━━ RECORDED DATA
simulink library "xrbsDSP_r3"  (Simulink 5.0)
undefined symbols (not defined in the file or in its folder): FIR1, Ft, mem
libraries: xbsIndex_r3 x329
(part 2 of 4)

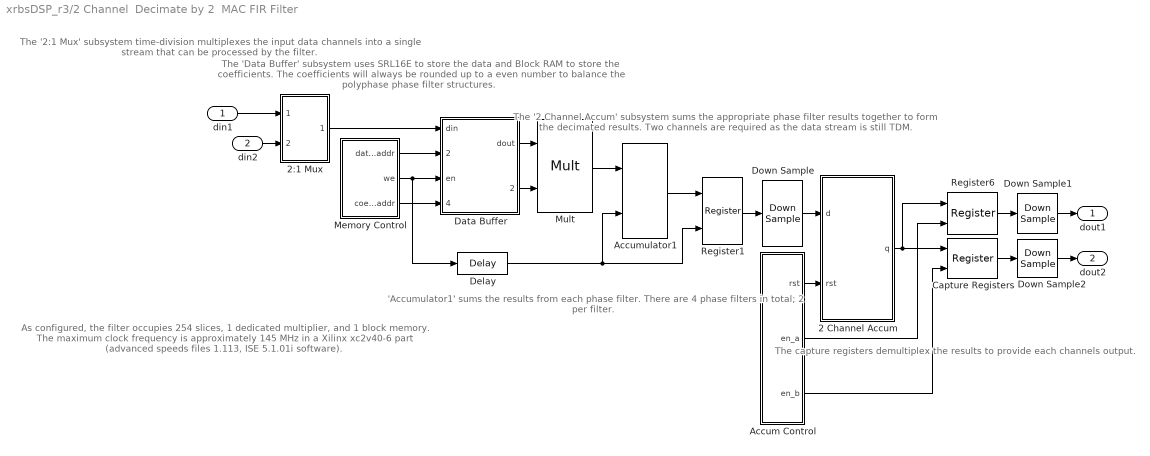
== system xrbsDSP_r3/2 Channel  Decimate by 2  MAC FIR Filter ==
  note: As configured, the  filter occupies 254 slices, 1 dedicated multiplier, and
      | 1 block memory.  The maximum clock frequency is approximately
      | 145 MHz in a Xilinx xc2v40-6 part (advanced speeds files 1.113, ISE
      | 5.1.01i software).
  note: The capture registers demultiplex
      | the results to provide each
      | channels output.
  note: The '2 Channel Accum' subsystem sums the
      | appropriate phase filter results together to
      | form the decimated results.  Two channels
      | are required as the data stream is still TDM.
  note: 'Accumulator1' sums the results
      | from each phase filter.  There
      | are 4 phase filters in total; 2 per
      | filter.
  note: The 'Data Buffer' subsystem uses SRL16E to store
      | the data and Block RAM to store the
      | coefficients. The coefficients will always
      | be rounded up to a even number to balance the
      | polyphase phase filter structures.
  note: The '2:1 Mux' subsystem time-division
      | multiplexes the input data channels
      | into a single stream that can be
      | processed by the filter.
  din1 : Inport
  din2 : Inport  Port=2
  2 Channel Accum : Subsystem
  2:1 Mux : Subsystem
  Accum Control : Subsystem
  Accumulator1 : xbsIndex_r3/Accumulator  n_bits=accum2_bit_width  overflow=Wrap  operation=Add  scale=1  explicit_period=off  period=1  rst=on  hasbypass=on  en=off  dbl_ovrd=off  show_param=off  gen_core=on  use_rpm=off
      settings: xl_area=[0, 0, 0, 0, 0, 0, 0]
  Capture Registers : xbsIndex_r3/Register  init=0  reg_only_valid=off  explicit_period=off  period=1  rst=off  en=on  out_en=on  dbl_ovrd=off  show_param=off
      settings: xl_area=[0, 0, 0, 0, 0, 0, 0]
  Data Buffer : Subsystem
  Delay : xbsIndex_r3/Delay  latency=4  reg_retiming=off  explicit_period=off  period=1  en=off  accept_only_valid=off  init_zero=on  dbl_ovrd=off  show_param=off
      settings: xl_area=[0, 0, 0, 0, 0, 0, 0]
  Down Sample : xbsIndex_r3/Down Sample  sample_ratio=length(coef)/4  sample_phase="Last Value of Frame  (most efficient)"  latency=1  en=off  dbl_ovrd=off  show_param=off
      settings: xl_area=[0, 0, 0, 0, 0, 0, 0]
  Down Sample1 : xbsIndex_r3/Down Sample  sample_ratio=4  sample_phase="Last Value of Frame  (most efficient)"  latency=1  en=off  dbl_ovrd=off  show_param=off
      settings: xl_area=[19 37 0 0 0 0 0]
  Down Sample2 : xbsIndex_r3/Down Sample  sample_ratio=4  sample_phase="Last Value of Frame  (most efficient)"  latency=1  en=off  dbl_ovrd=off  show_param=off
      settings: xl_area=[19 37 0 0 0 0 0]
  Memory Control : Subsystem
  Mult : xbsIndex_r3/Mult  precision=Full  arith_type="Signed  (2's comp)"  n_bits=8  bin_pt=2  quantization=Truncate  overflow=Wrap  latency=2  explicit_period=off  period=1  en=off  dbl_ovrd=off  show_param=off  mult_type=Parallel  oversample=2  use_embedded=on  pipeline=on  use_rpm=off  placement_style=Rectangular Shape  gen_core=on
      settings: xl_area=[0, 0, 0, 0, 0, 0, 0]
  Register1 : xbsIndex_r3/Register  init=0  reg_only_valid=off  explicit_period=off  period=1  rst=off  en=on  out_en=off  dbl_ovrd=off  show_param=off
      settings: xl_area=[0, 0, 0, 0, 0, 0, 0]
  Register6 : xbsIndex_r3/Register  init=0  reg_only_valid=off  explicit_period=off  period=1  rst=off  en=on  out_en=on  dbl_ovrd=off  show_param=off
      settings: xl_area=[0, 0, 0, 0, 0, 0, 0]
  dout1 : Outport
  dout2 : Outport  Port=2
  wires:
  Down Sample2/1 -> dout2/1
  Down Sample1/1 -> dout1/1
  Down Sample/1 -> 2 Channel Accum/1(d)
  din2/1 -> 2:1 Mux/2(din2)
  Accum Control/3(en_b) -> Capture Registers/2
  Accum Control/2(en_a) -> Register6/2
  Accum Control/1(rst) -> 2 Channel Accum/2(rst)
  Capture Registers/1 -> Down Sample2/1
  2 Channel Accum/1(q) -> Register6/1, Capture Registers/1
  Register6/1 -> Down Sample1/1
  Accumulator1/1 -> Register1/1
  Memory Control/3(coef_addr) -> Data Buffer/4(coef_addr)
  Memory Control/2(we) -> Delay/1, Data Buffer/3(en)
  Memory Control/1(data_addr) -> Data Buffer/2(data_addr)
  Data Buffer/1(dout) -> Mult/1
  Mult/1 -> Accumulator1/1
  Delay/1 -> Accumulator1/2, Register1/2
  Register1/1 -> Down Sample/1
  Data Buffer/2(coef_out) -> Mult/2
  2:1 Mux/1(dout) -> Data Buffer/1(din)
  din1/1 -> 2:1 Mux/1(din1)

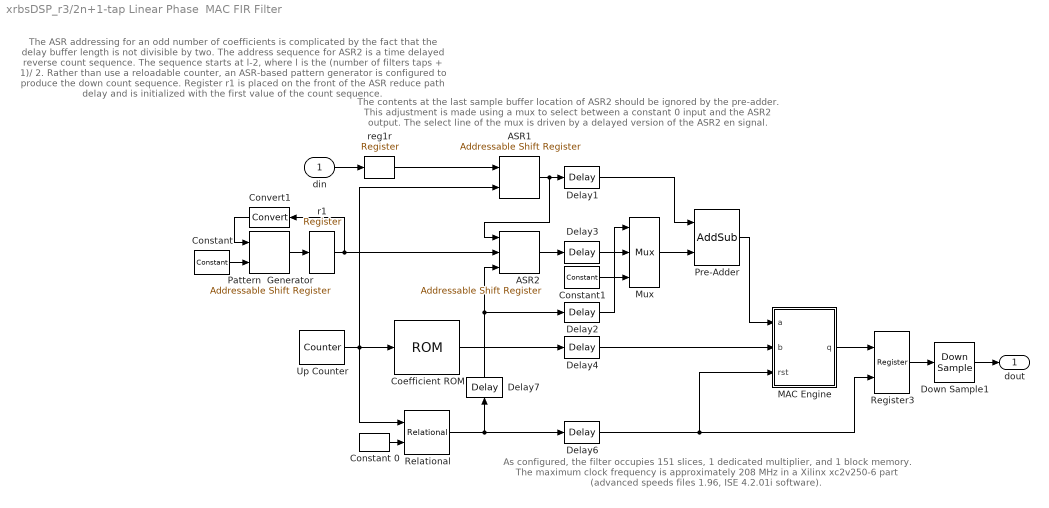
== system xrbsDSP_r3/2n+1-tap Linear Phase  MAC FIR Filter ==
  note: The ASR addressing for an odd number of coefficients is
      | complicated by the fact that the delay buffer length is not
      | divisible by two.  The address sequence for ASR2 is a time
      | delayed reverse count sequence.  The sequence starts at
      | l-2,  where l is the (number of filters taps + 1)/ 2.  Rather
      | than use a reloadable counter, an ASR-based pattern
      | generator is configured to produce the down count
      | sequence.  Register r1 is placed on the front of the ASR
      | reduce path delay and is initialized with the first value of
      | the count sequence.
  note: The contents at the last sample buffer location
      | of ASR2 should be ignored by the pre-adder.
      | This adjustment is made using a mux to select
      | between a constant 0 input and the ASR2 output.
      | The select line of the mux is driven by a delayed
      | version of the ASR2 en signal.
  note: As configured, the  filter occupies 151 slices, 1 dedicated multiplier, and
      | 1 block memory.  The maximum clock frequency is approximately
      | 208 MHz in a Xilinx xc2v250-6 part (advanced speeds files 1.96, ISE
      | 4.2.01i software).
  din : Inport
  ASR1 : xbsIndex_r3/Addressable Shift Register  infer_latency=on  depth=2  initVector=0  explicit_period=off  period=1  accept_only_valid=off  en=off  dbl_ovrd=off  show_param=off  use_rpm=off  gen_core=off
      settings: xl_area=[0, 0, 0, 0, 0, 0, 0]
  ASR2 : xbsIndex_r3/Addressable Shift Register  infer_latency=on  depth=2  initVector=0  explicit_period=off  period=1  accept_only_valid=off  en=on  dbl_ovrd=off  show_param=off  use_rpm=off  gen_core=off
      settings: xl_area=[0, 0, 0, 0, 0, 0, 0]
  Coefficient ROM : xbsIndex_r3/ROM  depth=(length(coef)+1)/2  initVector=coef(1:((length(coef)+1)/2))  arith_type="Signed  (2's comp)"  n_bits=coef_n_bits  bin_pt=coef_bin_pt  latency=1  init_zero=on  explicit_period=off  period=1  rst=off  init_reg=0  en=off  dbl_ovrd=off  show_param=off  distributed_mem=off  use_rpm=off  gen_core=on
      settings: xl_area=[0, 0, 0, 0, 0, 0, 0]
  Constant : xbsIndex_r3/Constant  const=(length(coef)+1)/2-2  arith_type=Unsigned  n_bits=ceil(log2(((length(coef)+1)/2-1)))  bin_pt=0  explicit_period=on  period=smpl_period/((length(coef)+1)/2)  dbl_ovrd=off
  Constant 0 : xbsIndex_r3/Constant  const=0  arith_type=Unsigned  n_bits=1  bin_pt=0  explicit_period=off  period=1  dbl_ovrd=off
  Constant1 : xbsIndex_r3/Constant  const=0  arith_type=Unsigned  n_bits=1  bin_pt=0  explicit_period=off  period=1  dbl_ovrd=off
  Convert1 : xbsIndex_r3/Convert  Orientation=left  arith_type=Unsigned  n_bits=ceil(log2((length(coef)+1)/2))  bin_pt=0  quantization=Truncate  overflow=Wrap  latency=0  explicit_period=off  period=1  dbl_ovrd=off  show_param=off  inserted_by_tool=off
      settings: xl_area=[0, 0, 0, 0, 0, 0, 0]
  Delay1 : xbsIndex_r3/Delay  latency=2  reg_retiming=off  explicit_period=off  period=1  en=off  accept_only_valid=off  init_zero=on  dbl_ovrd=off  show_param=off
      settings: xl_area=[0, 0, 0, 0, 0, 0, 0]
  Delay2 : xbsIndex_r3/Delay  latency=1  reg_retiming=off  explicit_period=off  period=1  en=off  accept_only_valid=off  init_zero=on  dbl_ovrd=off  show_param=off
      settings: xl_area=[0, 0, 0, 0, 0, 0, 0]
  Delay3 : xbsIndex_r3/Delay  latency=1  reg_retiming=off  explicit_period=off  period=1  en=off  accept_only_valid=off  init_zero=on  dbl_ovrd=off  show_param=off
      settings: xl_area=[0, 0, 0, 0, 0, 0, 0]
  Delay4 : xbsIndex_r3/Delay  latency=2  reg_retiming=off  explicit_period=off  period=1  en=off  accept_only_valid=off  init_zero=on  dbl_ovrd=off  show_param=off
      settings: xl_area=[0, 0, 0, 0, 0, 0, 0]
  Delay6 : xbsIndex_r3/Delay  latency=4  reg_retiming=off  explicit_period=off  period=1  en=off  accept_only_valid=off  init_zero=on  dbl_ovrd=off  show_param=off
      settings: xl_area=[0, 0, 0, 0, 0, 0, 0]
  Delay7 : xbsIndex_r3/Delay  Orientation=up  latency=((length(coef)+1)/2)-2  reg_retiming=off  explicit_period=off  period=1  en=off  accept_only_valid=off  init_zero=on  dbl_ovrd=off  show_param=off
      settings: xl_area=[0, 0, 0, 0, 0, 0, 0]
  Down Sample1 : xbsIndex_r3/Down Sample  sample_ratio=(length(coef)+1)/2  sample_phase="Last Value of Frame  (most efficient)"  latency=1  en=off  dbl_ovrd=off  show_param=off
━━━━
- [WHAT IS EXPECTED]:
Throughout the data above, count the lines where the word "store" occurs, and report that figure alone.

- [WRITTEN RESPONSE]:
2